The lines below starting at the line containing "line L5 (78.4441, 9.6781)" and ending at the line containing "line L16 (69.5995, 9.6781)" are to be repeated exactly, with both ends kept and nothing else added.

*** Opening TASK INPUT ***

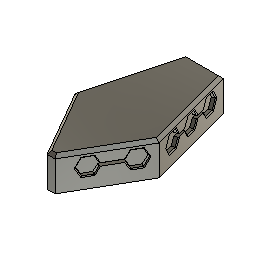
wedge_15deg_2mm (Autodesk Fusion 360 design; units mm, degrees)
Autodesk Fusion 360 part; units mm, degrees
sketch "case_bottom" plane through (0, 0, 0) normal (0, 0, 1) x (1, 0, 0)
  line L0 (-130.2878, -97.5223) -> (-16.5068, -128.0098)
  line L1 (-109.1239, -18.5374) -> (-130.2878, -97.5223)
  line L2 (-16.5068, -128.0098) -> (-3.6943, -109.7118)
  line L3 (-86.9858, -11.6525) -> (-109.1239, -18.5374)
  line L4 (-47.4404, -17.0197) -> (-47.5261, -16.9782)
  line L5 (-47.5261, -16.9782) -> (-66.0896, -12.0041)
  line L6 (-10.9673, -34.7188) -> (-47.4404, -17.0197)
  line L7 (-3.6943, -109.7118) -> (-22.3971, -77.3753)
  line L8 (-22.3971, -77.3753) -> (-10.9673, -34.7188)
  line L9 (-66.0896, -12.0041) -> (-86.9858, -11.6525)
  line L10 (-111.5937, -16.1638) -> (-133.962, -99.6436)
  line L11 (-133.962, -99.6436) -> (-15.2542, -131.4513)
  line L12 (-46.4735, -14.1544) -> (-65.6699, -9.0107)
  line L13 (-65.6699, -9.0107) -> (-87.4169, -8.6449)
  line L14 (-15.2542, -131.4513) -> (-0.1397, -109.8656)
  line L15 (-19.1773, -76.9502) -> (-7.4281, -33.1016)
  line L16 (-0.1397, -109.8656) -> (-19.1773, -76.9502)
  line L17 (-87.4169, -8.6449) -> (-111.5937, -16.1638)
  line L18 (-7.4281, -33.1016) -> (-46.4735, -14.1544)
  line L19 (-65.9217, -10.8067) -> (-87.1583, -10.4495)
  line L20 (-110.1118, -17.588) -> (-131.7575, -98.3709)
  line L21 (-9.5516, -34.0719) -> (-47.1051, -15.8486)
  line L22 (-16.0057, -129.3864) -> (-2.2725, -109.7733)
  line L23 (-47.1051, -15.8486) -> (-65.9217, -10.8067)
  line L24 (-87.1583, -10.4495) -> (-110.1118, -17.588)
  line L25 (-2.2725, -109.7733) -> (-21.1092, -77.2053)
  line L26 (-21.1092, -77.2053) -> (-9.5516, -34.0719)
  line L27 (-131.7575, -98.3709) -> (-16.0057, -129.3864)
  line L28 (-65.8378, -10.208) -> (-87.2445, -9.8479)
  line L29 (-132.4923, -98.7951) -> (-15.7552, -130.0747)
  line L30 (-110.6057, -17.1133) -> (-132.4923, -98.7951)
  line L31 (-46.6545, -15.4003) -> (-46.8946, -15.2839)
  line L32 (-1.5615, -109.8041) -> (-20.4652, -77.1202)
  line L33 (-20.4652, -77.1202) -> (-8.8438, -33.7485)
  line L34 (-15.7552, -130.0747) -> (-1.5615, -109.8041)
  line L35 (-46.8946, -15.2839) -> (-65.8378, -10.208)
  line L36 (-87.2445, -9.8479) -> (-110.6057, -17.1133)
  line L37 (-8.8438, -33.7485) -> (-46.6545, -15.4003)
  circle A0 centre (-88.6378, -32.8795) radius 2.2
  circle A1 centre (-98.4729, -69.5847) radius 2.2
  circle A2 centre (-38.4097, -46.3381) radius 2.2
  circle A3 centre (-34.1664, -92.8451) radius 2.2
  line L38 (-91.0167, -86.1903) -> (-122.8923, -77.6493)
  line L39 (-95.6755, -103.577) -> (-91.0167, -86.1903)
  line L40 (-127.551, -95.0359) -> (-95.6755, -103.577)
  line L41 (-122.8923, -77.6493) -> (-127.551, -95.0359)
  line L42 (-91.5925, -101.9586) -> (-93.1066, -107.6092)
  line L43 (-84.6064, -109.8868) -> (-83.0923, -104.2362)
  line L44 (-83.0923, -104.2362) -> (-91.5925, -101.9586)
  line L45 (-73.6279, -111.4154) -> (-72.7221, -108.0346)
  line L46 (-81.4154, -105.7053) -> (-82.3213, -109.086)
  line L47 (-82.3213, -109.086) -> (-73.6279, -111.4154)
  line L48 (-72.7221, -108.0346) -> (-81.4154, -105.7053)
  line L49 (-12.163, -97.5479) -> (-17.663, -88.0216)
  line L50 (-20.0438, -102.0979) -> (-12.163, -97.5479)
  line L51 (-25.5438, -92.5716) -> (-20.0438, -102.0979)
  line L52 (-17.663, -88.0216) -> (-25.5438, -92.5716)
  line L53 (-96.4921, -72.2377) -> (-98.7956, -80.8345)
  line L54 (-98.7956, -80.8345) -> (-90.4886, -83.0603)
  line L55 (-90.4886, -83.0603) -> (-88.1851, -74.4636)
  line L56 (-88.1851, -74.4636) -> (-96.4921, -72.2377)
  line L57 (1.8603, -131.9251) -> (1.8603, -9.9671)
  line L58 (88.327, -109.8868) -> (86.8129, -104.2362)
  line L59 (137.6826, -99.6436) -> (18.9748, -131.4513)
  line L60 (69.3905, -9.0107) -> (91.1375, -8.6449)
  line L61 (90.7065, -11.6525) -> (112.8445, -18.5374)
  line L62 (90.9651, -9.8479) -> (114.3264, -17.1133)
  line L63 (134.0084, -97.5223) -> (20.2274, -128.0098)
  line L64 (90.8789, -10.4495) -> (113.8324, -17.588)
  line L65 (29.2644, -92.5716) -> (23.7644, -102.0979)
  line L66 (86.8129, -104.2362) -> (95.3131, -101.9586)
  line L67 (21.3836, -88.0216) -> (29.2644, -92.5716)
  line L68 (131.2716, -95.0359) -> (99.3961, -103.577)
  line L69 (50.6152, -15.2839) -> (69.5584, -10.208)
  line L70 (15.8836, -97.5479) -> (21.3836, -88.0216)
  line L71 (91.1375, -8.6449) -> (115.3143, -16.1638)
  line L72 (18.9748, -131.4513) -> (3.8603, -109.8656)
  line L73 (14.6879, -34.7188) -> (51.161, -17.0197)
  line L74 (94.7373, -86.1903) -> (126.6129, -77.6493)
  line L75 (115.3143, -16.1638) -> (137.6826, -99.6436)
  line L76 (5.2822, -109.8041) -> (24.1859, -77.1202)
  line L77 (95.3131, -101.9586) -> (96.8272, -107.6092)
  line L78 (7.4149, -109.7118) -> (26.1177, -77.3753)
  line L79 (99.3961, -103.577) -> (94.7373, -86.1903)
  line L80 (77.3486, -111.4154) -> (76.4427, -108.0346)
  line L81 (69.8103, -12.0041) -> (90.7065, -11.6525)
  line L82 (113.8324, -17.588) -> (135.4781, -98.3709)
  line L83 (19.7263, -129.3864) -> (5.9931, -109.7733)
  line L84 (69.5584, -10.208) -> (90.9651, -9.8479)
  line L85 (91.9058, -74.4636) -> (100.2127, -72.2377)
  line L86 (11.1488, -33.1016) -> (50.1942, -14.1544)
  line L87 (114.3264, -17.1133) -> (136.213, -98.7951)
  line L88 (5.9931, -109.7733) -> (24.8298, -77.2053)
  circle A4 centre (42.1303, -46.3381) radius 2.2
  line L89 (102.5162, -80.8345) -> (94.2092, -83.0603)
  line L90 (85.136, -105.7053) -> (86.0419, -109.086)
  line L91 (69.6424, -10.8067) -> (90.8789, -10.4495)
  line L92 (50.3752, -15.4003) -> (50.6152, -15.2839)
  line L93 (50.1942, -14.1544) -> (69.3905, -9.0107)
  line L94 (22.898, -76.9502) -> (11.1488, -33.1016)
  line L95 (51.161, -17.0197) -> (51.2467, -16.9782)
  line L96 (94.2092, -83.0603) -> (91.9058, -74.4636)
  line L97 (13.2722, -34.0719) -> (50.8257, -15.8486)
  line L98 (112.8445, -18.5374) -> (134.0084, -97.5223)
  line L99 (100.2127, -72.2377) -> (102.5162, -80.8345)
  line L100 (19.4758, -130.0747) -> (5.2822, -109.8041)
  circle A5 centre (102.1935, -69.5847) radius 2.2
  line L101 (50.8257, -15.8486) -> (69.6424, -10.8067)
  circle A6 centre (37.887, -92.8451) radius 2.2
  line L102 (24.1859, -77.1202) -> (12.5644, -33.7485)
  line L103 (24.8298, -77.2053) -> (13.2722, -34.0719)
  line L104 (3.8603, -109.8656) -> (22.898, -76.9502)
  line L105 (136.213, -98.7951) -> (19.4758, -130.0747)
  line L106 (26.1177, -77.3753) -> (14.6879, -34.7188)
  line L107 (135.4781, -98.3709) -> (19.7263, -129.3864)
  line L108 (76.4427, -108.0346) -> (85.136, -105.7053)
  line L109 (12.5644, -33.7485) -> (50.3752, -15.4003)
  line L110 (86.0419, -109.086) -> (77.3486, -111.4154)
  line L111 (51.2467, -16.9782) -> (69.8103, -12.0041)
  line L112 (1.8603, -131.9251) -> (1.8603, -9.9671)
  circle A7 centre (92.3584, -32.8795) radius 2.2
  line L113 (126.6129, -77.6493) -> (131.2716, -95.0359)
  line L114 (23.7644, -102.0979) -> (15.8836, -97.5479)
  line L115 (20.2274, -128.0098) -> (7.4149, -109.7118)
  line L116 (-7.4281, -33.1016) -> (11.1488, -33.1016)
  line L117 (-0.1397, -109.8656) -> (3.8603, -109.8656)
  dimension "d6" = 2
  dimension "d7" = 2
  constraint vertical L57
  constraint horizontal L116
  constraint parallel L116 L117
  measures "d6" distance of L14.end L57
  measures "d7" distance of L72.end L112
extrude "Extrude2" add sketch "case_bottom" along normal blind 16.6 contours L15 L16 L57 L112 L116 L117 | L57 L94 L104 L112 L116 L117
sketch "Sketch7" plane through (2.1265, 0.5698, 0) normal (0.965926, 0.258819, 0) x (-0.258819, 0.965926, 0)
  line L0 (-80.2546, 0) -> (-34.8592, 0)
  line L1 (-34.8592, 0) -> (-34.8592, 16.6)
  line L2 (-34.8592, 16.6) -> (-80.2546, 16.6)
  line L3 (-80.2546, 16.6) -> (-80.2546, 0)
  line L4 (-80.2546, 9.7) -> (-34.8592, 9.7) construction
  line L5 (-68.2562, 13.6717) -> (-72.8461, 13.6783)
  line L6 (-72.8461, 13.6783) -> (-75.1468, 9.7067)
  line L7 (-75.1468, 9.7067) -> (-72.8576, 5.7283)
  line L8 (-72.8576, 5.7283) -> (-68.2677, 5.7217)
  line L9 (-68.2677, 5.7217) -> (-65.967, 9.6933)
  line L10 (-65.967, 9.6933) -> (-68.2562, 13.6717)
  line L11 (-55.2562, 13.6717) -> (-59.8461, 13.6783)
  line L12 (-59.8461, 13.6783) -> (-62.1468, 9.7067)
  line L13 (-62.1468, 9.7067) -> (-59.8576, 5.7283)
  line L14 (-59.8576, 5.7283) -> (-55.2677, 5.7217)
  line L15 (-55.2677, 5.7217) -> (-52.967, 9.6933)
  line L16 (-52.967, 9.6933) -> (-55.2562, 13.6717)
  line L17 (-42.2562, 13.6717) -> (-46.8461, 13.6783)
  line L18 (-46.8461, 13.6783) -> (-49.1468, 9.7067)
  line L19 (-49.1468, 9.7067) -> (-46.8576, 5.7283)
  line L20 (-46.8576, 5.7283) -> (-42.2677, 5.7217)
  line L21 (-42.2677, 5.7217) -> (-39.967, 9.6933)
  line L22 (-39.967, 9.6933) -> (-42.2562, 13.6717)
  line L23 (-70.5569, 8.95) -> (-44.5569, 8.95)
  arc A0 (-44.5569, 8.95) -> (-44.5569, 10.45) centre (-44.5569, 9.7) ccw
  line L24 (-44.5569, 10.45) -> (-70.5569, 10.45)
  arc A1 (-70.5569, 10.45) -> (-70.5569, 8.95) centre (-70.5569, 9.7) ccw
  line L25 (-70.5569, 9.7) -> (-44.5569, 9.7) construction
  point P0 (-57.5569, 9.7)
  point P1 (-70.5569, 9.7)
  point P2 (-44.5569, 9.7)
  point P3 (-70.5569, 9.7)
  point P4 (-57.5569, 9.7)
  point P5 (-44.5569, 9.7)
  dimension "d63" = 6.9
  dimension "d64" = 13
  dimension "d65" = 13
  dimension "d66" = 3.975
  dimension "d67" = 3.975
  dimension "d68" = 3.975
  dimension "d69" = 1.5
  constraint coincident L3 L4.start
  constraint coincident L1 L4.end
  constraint perpendicular L1 L4
  constraint coincident L4 P4
  constraint midpoint L4 P4
  constraint coincident L4 P3
  constraint coincident L4 P5
  constraint coincident P3 P1
  constraint coincident P4 P0
  constraint coincident P5 P2
  constraint tangent L23 A0
  constraint tangent A0 L24
  constraint parallel L23 L24
  constraint tangent L24 A1
  constraint tangent L23 A1
  constraint parallel L4 L25
  measures "d63" distance of L2 L4
  measures "d64" distance of P4 P3
  measures "d65" distance of P4 P5
  measures "d66" distance of P3 L10
  measures "d67" distance of P4 L16
  measures "d68" distance of P5 L22
  measures "d69" diameter of A0
sketch "Sketch9" plane through (50.5082, -29.213, 0) normal (0.865639, -0.500669, 0) x (0.500669, 0.865639, 0)
  line L0 (-93.1712, 0) -> (-55.1468, 0)
  line L1 (-55.1468, 0) -> (-55.1468, 16.6)
  line L2 (-55.1468, 16.6) -> (-93.1712, 16.6)
  line L3 (-93.1712, 16.6) -> (-93.1712, 0)
  line L4 (-93.1712, 9.7) -> (-55.1468, 9.7) construction
  line L5 (-55.1468, 16.6) -> (-55.1468, 0)
  line L6 (-78.8713, 13.6721) -> (-83.4612, 13.6778)
  line L7 (-83.4612, 13.6778) -> (-85.7611, 9.7057)
  line L8 (-85.7611, 9.7057) -> (-83.4711, 5.7279)
  line L9 (-83.4711, 5.7279) -> (-78.8811, 5.7222)
  line L10 (-78.8811, 5.7222) -> (-76.5812, 9.6943)
  line L11 (-76.5812, 9.6943) -> (-78.8713, 13.6721)
  line L12 (-60.8469, 13.6721) -> (-65.4368, 13.6778)
  line L13 (-65.4368, 13.6778) -> (-67.7367, 9.7057)
  line L14 (-67.7367, 9.7057) -> (-65.4467, 5.7279)
  line L15 (-65.4467, 5.7279) -> (-60.8567, 5.7222)
  line L16 (-60.8567, 5.7222) -> (-58.5568, 9.6943)
  line L17 (-58.5568, 9.6943) -> (-60.8469, 13.6721)
  line L18 (-81.1712, 8.95) -> (-63.1468, 8.95)
  arc A0 (-63.1468, 8.95) -> (-63.1468, 10.45) centre (-63.1468, 9.7) ccw
  line L19 (-63.1468, 10.45) -> (-81.1712, 10.45)
  arc A1 (-81.1712, 10.45) -> (-81.1712, 8.95) centre (-81.1712, 9.7) ccw
  line L20 (-81.1712, 9.7) -> (-63.1468, 9.7) construction
  point P0 (-81.1712, 9.7)
  point P1 (-63.1468, 9.7)
  point P2 (-81.1712, 9.7)
  point P3 (-63.1468, 9.7)
  dimension "d70" = 6.9
  dimension "d71" = 8
  dimension "d72" = 12
  dimension "d73" = 3.975
  dimension "d74" = 3.975
  dimension "d75" = 1.5
  constraint coincident L3 L4.start
  constraint coincident L1 L4.end
  constraint perpendicular L1 L4
  constraint coincident L4 P2
  constraint coincident L4 P3
  constraint coincident P2 P0
  constraint coincident P3 P1
  constraint tangent L18 A0
  constraint tangent A0 L19
  constraint parallel L18 L19
  constraint tangent L19 A1
  constraint tangent L18 A1
  constraint parallel L4 L20
  measures "d70" distance of L2 L4
  measures "d71" distance of P3 L5
  measures "d72" distance of L3 P2
  measures "d73" distance of P2 L11
  measures "d74" distance of P3 L17
  measures "d75" diameter of A0
sketch "Sketch11" plane through (-47.7203, -27.6005, 0) normal (-0.865639, -0.500669, 0) x (0.500669, -0.865639, 0)
  line L0 (57.0096, 0) -> (95.034, 0)
  line L1 (95.034, 0) -> (95.034, 16.6)
  line L2 (95.034, 16.6) -> (57.0096, 16.6)
  line L3 (57.0096, 16.6) -> (57.0096, 0)
  line L4 (57.0096, 9.7) -> (95.034, 9.7) construction
  line L5 (78.4441, 9.6781) -> (80.758, 5.7141)
  line L6 (80.758, 5.7141) -> (85.3479, 5.736)
  line L7 (85.3479, 5.736) -> (87.6239, 9.7219)
  line L8 (87.6239, 9.7219) -> (85.31, 13.6859)
  line L9 (85.31, 13.6859) -> (80.7201, 13.664)
  line L10 (80.7201, 13.664) -> (78.4441, 9.6781)
  line L11 (67.3235, 13.664) -> (62.7336, 13.6859)
  line L12 (62.7336, 13.6859) -> (60.4197, 9.7219)
  line L13 (60.4197, 9.7219) -> (62.6957, 5.736)
  line L14 (62.6957, 5.736) -> (67.2856, 5.7141)
  line L15 (67.2856, 5.7141) -> (69.5995, 9.6781)
  line L16 (69.5995, 9.6781) -> (67.3235, 13.664)
  line L17 (65.0096, 8.95) -> (83.034, 8.95)
  arc A0 (83.034, 8.95) -> (83.034, 10.45) centre (83.034, 9.7) ccw
  line L18 (83.034, 10.45) -> (65.0096, 10.45)
  arc A1 (65.0096, 10.45) -> (65.0096, 8.95) centre (65.0096, 9.7) ccw
  line L19 (65.0096, 9.7) -> (83.034, 9.7) construction
  point P0 (65.0096, 9.7)
  point P1 (83.034, 9.7)
  point P2 (83.034, 9.7)
  point P3 (65.0096, 9.7)
  dimension "d76" = 6.9
  dimension "d77" = 12
  dimension "d78" = 8
  dimension "d79" = 3.975
  dimension "d80" = 3.975
  dimension "d81" = 1.5
  constraint coincident L3 L4.start
  constraint coincident L1 L4.end
  constraint perpendicular L1 L4
  constraint coincident L4 P3
  constraint coincident L4 P2
  constraint coincident P2 P1
  constraint coincident P3 P0
  constraint tangent L17 A0
  constraint tangent A0 L18
  constraint parallel L17 L18
  constraint tangent L18 A1
  constraint tangent L17 A1
  constraint parallel L4 L19
  measures "d76" distance of L2 L4
  measures "d77" distance of L1 P2
  measures "d78" distance of L3 P3
  measures "d79" distance of P2 L10
  measures "d80" distance of P3 L16
  measures "d81" diameter of A0
sketch "Sketch12" plane through (1.3449, -0.3604, 0) normal (-0.965926, 0.258819, 0) x (-0.258819, -0.965926, 0)
  line L0 (33.8962, 0) -> (79.2916, 0)
  line L1 (79.2916, 0) -> (79.2916, 16.6)
  line L2 (79.2916, 16.6) -> (33.8962, 16.6)
  line L3 (33.8962, 16.6) -> (33.8962, 0)
  line L4 (33.8962, 9.7) -> (79.2916, 9.7) construction
  line L5 (45.8773, 13.6817) -> (41.2874, 13.6683)
  line L6 (41.2874, 13.6683) -> (39.004, 9.6866)
  line L7 (39.004, 9.6866) -> (41.3106, 5.7183)
  line L8 (41.3106, 5.7183) -> (45.9005, 5.7317)
  line L9 (45.9005, 5.7317) -> (48.1838, 9.7134)
  line L10 (48.1838, 9.7134) -> (45.8773, 13.6817)
  line L11 (58.8773, 13.6817) -> (54.2874, 13.6683)
  line L12 (54.2874, 13.6683) -> (52.004, 9.6866)
  line L13 (52.004, 9.6866) -> (54.3106, 5.7183)
  line L14 (54.3106, 5.7183) -> (58.9005, 5.7317)
  line L15 (58.9005, 5.7317) -> (61.1838, 9.7134)
  line L16 (61.1838, 9.7134) -> (58.8773, 13.6817)
  line L17 (71.8773, 13.6817) -> (67.2874, 13.6683)
  line L18 (67.2874, 13.6683) -> (65.004, 9.6866)
  line L19 (65.004, 9.6866) -> (67.3106, 5.7183)
  line L20 (67.3106, 5.7183) -> (71.9005, 5.7317)
  line L21 (71.9005, 5.7317) -> (74.1838, 9.7134)
  line L22 (74.1838, 9.7134) -> (71.8773, 13.6817)
  line L23 (43.5939, 8.95) -> (69.5939, 8.95)
  arc A0 (69.5939, 8.95) -> (69.5939, 10.45) centre (69.5939, 9.7) ccw
  line L24 (69.5939, 10.45) -> (43.5939, 10.45)
  arc A1 (43.5939, 10.45) -> (43.5939, 8.95) centre (43.5939, 9.7) ccw
  line L25 (43.5939, 9.7) -> (69.5939, 9.7) construction
  point P0 (43.5939, 9.7)
  point P1 (56.5939, 9.7)
  point P2 (69.5939, 9.7)
  point P3 (43.5939, 9.7)
  point P4 (56.5939, 9.7)
  point P5 (69.5939, 9.7)
  dimension "d82" = 6.9
  dimension "d83" = 13
  dimension "d84" = 13
  dimension "d85" = 3.975
  dimension "d86" = 3.975
  dimension "d87" = 3.975
  dimension "d88" = 1.5
  constraint coincident L3 L4.start
  constraint coincident L1 L4.end
  constraint perpendicular L1 L4
  constraint coincident L4 P3
  constraint midpoint L4 P4
  constraint coincident L4 P5
  constraint coincident P3 P0
  constraint coincident P4 P1
  constraint coincident P5 P2
  constraint tangent L23 A0
  constraint tangent A0 L24
  constraint parallel L23 L24
  constraint tangent L24 A1
  constraint tangent L23 A1
  constraint parallel L4 L25
  measures "d82" distance of L2 L4
  measures "d83" distance of P4 P5
  measures "d84" distance of P3 P4
  measures "d85" distance of P3 L10
  measures "d86" distance of P4 L16
  measures "d87" distance of P5 L22
  measures "d88" diameter of A0
extrude "Extrude11" cut sketch "Sketch9" against normal blind 2 contours L6 L7 L8 L9 L10 L11 L18 L19 A1 | L10 L11 L13 L14 L18 L19 | L10 L11 L18 L19 A1 | L13 L14 L18 A0 L19 | L12 L13 L14 L15 L16 L17 L18 A0 L19
extrude "Extrude12" cut sketch "Sketch7" against normal blind 2 contours L5 L6 L7 L8 L9 L10 L23 L24 A1 | L9 L10 L12 L13 L23 L24 | L9 L10 L23 L24 A1 | L12 L13 L15 L16 L23 L24 | L11 L12 L16 L24 | L15 L16 L18 L19 L23 L24 | L13 L14 L15 L23 | L18 L19 L23 A0 L24 | L17 L18 L19 L20 L21 L22 L23 A0 L24
extrude "Extrude13" cut sketch "Sketch12" against normal blind 2 contours L5 L6 L7 L8 L9 L10 L23 L24 A1 | L9 L10 L12 L13 L23 L24 | L9 L10 L23 L24 A1 | L12 L13 L15 L16 L23 L24 | L11 L12 L16 L24 | L15 L16 L18 L19 L23 L24 | L13 L14 L15 L23 | L18 L19 L23 A0 L24 | L17 L18 L19 L20 L21 L22 L23 A0 L24
extrude "Extrude14" cut sketch "Sketch11" against normal blind 2 contours L5 L10 L17 A0 L18 | L5 L10 L15 L16 L17 L18 | L5 L6 L7 L8 L9 L10 L17 A0 L18 | L15 L16 L17 L18 A1 | L11 L12 L13 L14 L15 L16 L17 L18 A1
chamfer "Chamfer2" distance 0.4 angle 45 60 edges at (-4.429, -102.4496, 11.7039) (-4.4195, -102.466, 7.7289) (-6.1382, -99.4943, 5.725) (-7.7601, -96.6902, 7.3321) (-6.1572, -99.4615, 13.675) (-7.7656, -96.6806, 12.057) (-13.5541, -86.6726, 12.057) (-15.1625, -83.8917, 13.675) (-16.8907, -80.9036, 11.7039) (-16.9002, -80.8872, 7.7289) (-15.1815, -83.8589, 5.725) (-13.5596, -86.663, 7.3321) (-17.5568, -70.9025, 11.6976) (-16.6644, -67.5717, 13.675) (-15.8316, -64.4636, 12.0591) (-15.8333, -64.4702, 7.3342) (-16.6704, -67.5942, 5.725) (-17.5599, -70.9137, 7.7226) (-14.1368, -58.1386, 12.0658) (-14.1385, -58.1452, 7.3409) (-13.3057, -55.0371, 5.725) (-12.4687, -51.9131, 7.3342) (-12.4669, -51.9066, 12.0591) (-13.2997, -55.0147, 13.675) (-10.7721, -45.5816, 12.0658) (-9.9351, -42.4576, 13.675) (-9.0456, -39.1381, 11.6774) (-9.0486, -39.1493, 7.7024) (-9.9411, -42.4801, 5.725) (-10.7739, -45.5882, 7.3409) (12.767, -39.1409, 11.6825) (13.6572, -42.4633, 13.675) (14.4932, -45.5833, 12.0642) (14.4941, -45.5865, 7.3392) (13.6602, -42.4744, 5.725) (12.7685, -39.1465, 7.7075) (16.188, -51.9082, 12.0608) (17.0219, -55.0203, 13.675) (17.8579, -58.1403, 12.0642) (17.8587, -58.1435, 7.3392) (17.0248, -55.0315, 5.725) (16.1889, -51.9115, 7.3358) (19.5526, -64.4653, 12.0608) (19.5535, -64.4685, 7.3358) (20.3895, -67.5885, 5.725) (21.2797, -70.9109, 7.7175) (21.2782, -70.9053, 11.6925) (20.3865, -67.5774, 13.675) (18.8951, -83.871, 13.675) (20.6174, -80.8932, 11.6832) (20.6149, -80.8975, 7.7082) (18.8901, -83.8796, 5.725) (17.2767, -86.6691, 7.3389) (17.2782, -86.6665, 12.0639) (11.4842, -96.6842, 12.0611) (9.8708, -99.4736, 13.675) (8.1461, -102.4557, 11.6918) (8.1436, -102.46, 7.7168) (9.8659, -99.4822, 5.725) (11.4827, -96.6867, 7.3361)
chamfer "Chamfer3" distance 1.5 angle 45 6 edges at (1.8603, -109.8656, 16.6) (13.3791, -93.4079, 16.6) (-9.6585, -93.4079, 16.6) (17.0234, -55.0259, 16.6) (-13.3027, -55.0259, 16.6) (1.8603, -33.1016, 16.6)
equation "rotation = 15 deg"
equation "mirror_offset = 2 mm"
equation "d6 = mirror_offset"
equation "d7 = mirror_offset"

*** Closing TASK INPUT ***

[ANSWER BOX]
  line L5 (78.4441, 9.6781) -> (80.758, 5.7141)
  line L6 (80.758, 5.7141) -> (85.3479, 5.736)
  line L7 (85.3479, 5.736) -> (87.6239, 9.7219)
  line L8 (87.6239, 9.7219) -> (85.31, 13.6859)
  line L9 (85.31, 13.6859) -> (80.7201, 13.664)
  line L10 (80.7201, 13.664) -> (78.4441, 9.6781)
  line L11 (67.3235, 13.664) -> (62.7336, 13.6859)
  line L12 (62.7336, 13.6859) -> (60.4197, 9.7219)
  line L13 (60.4197, 9.7219) -> (62.6957, 5.736)
  line L14 (62.6957, 5.736) -> (67.2856, 5.7141)
  line L15 (67.2856, 5.7141) -> (69.5995, 9.6781)
  line L16 (69.5995, 9.6781) -> (67.3235, 13.664)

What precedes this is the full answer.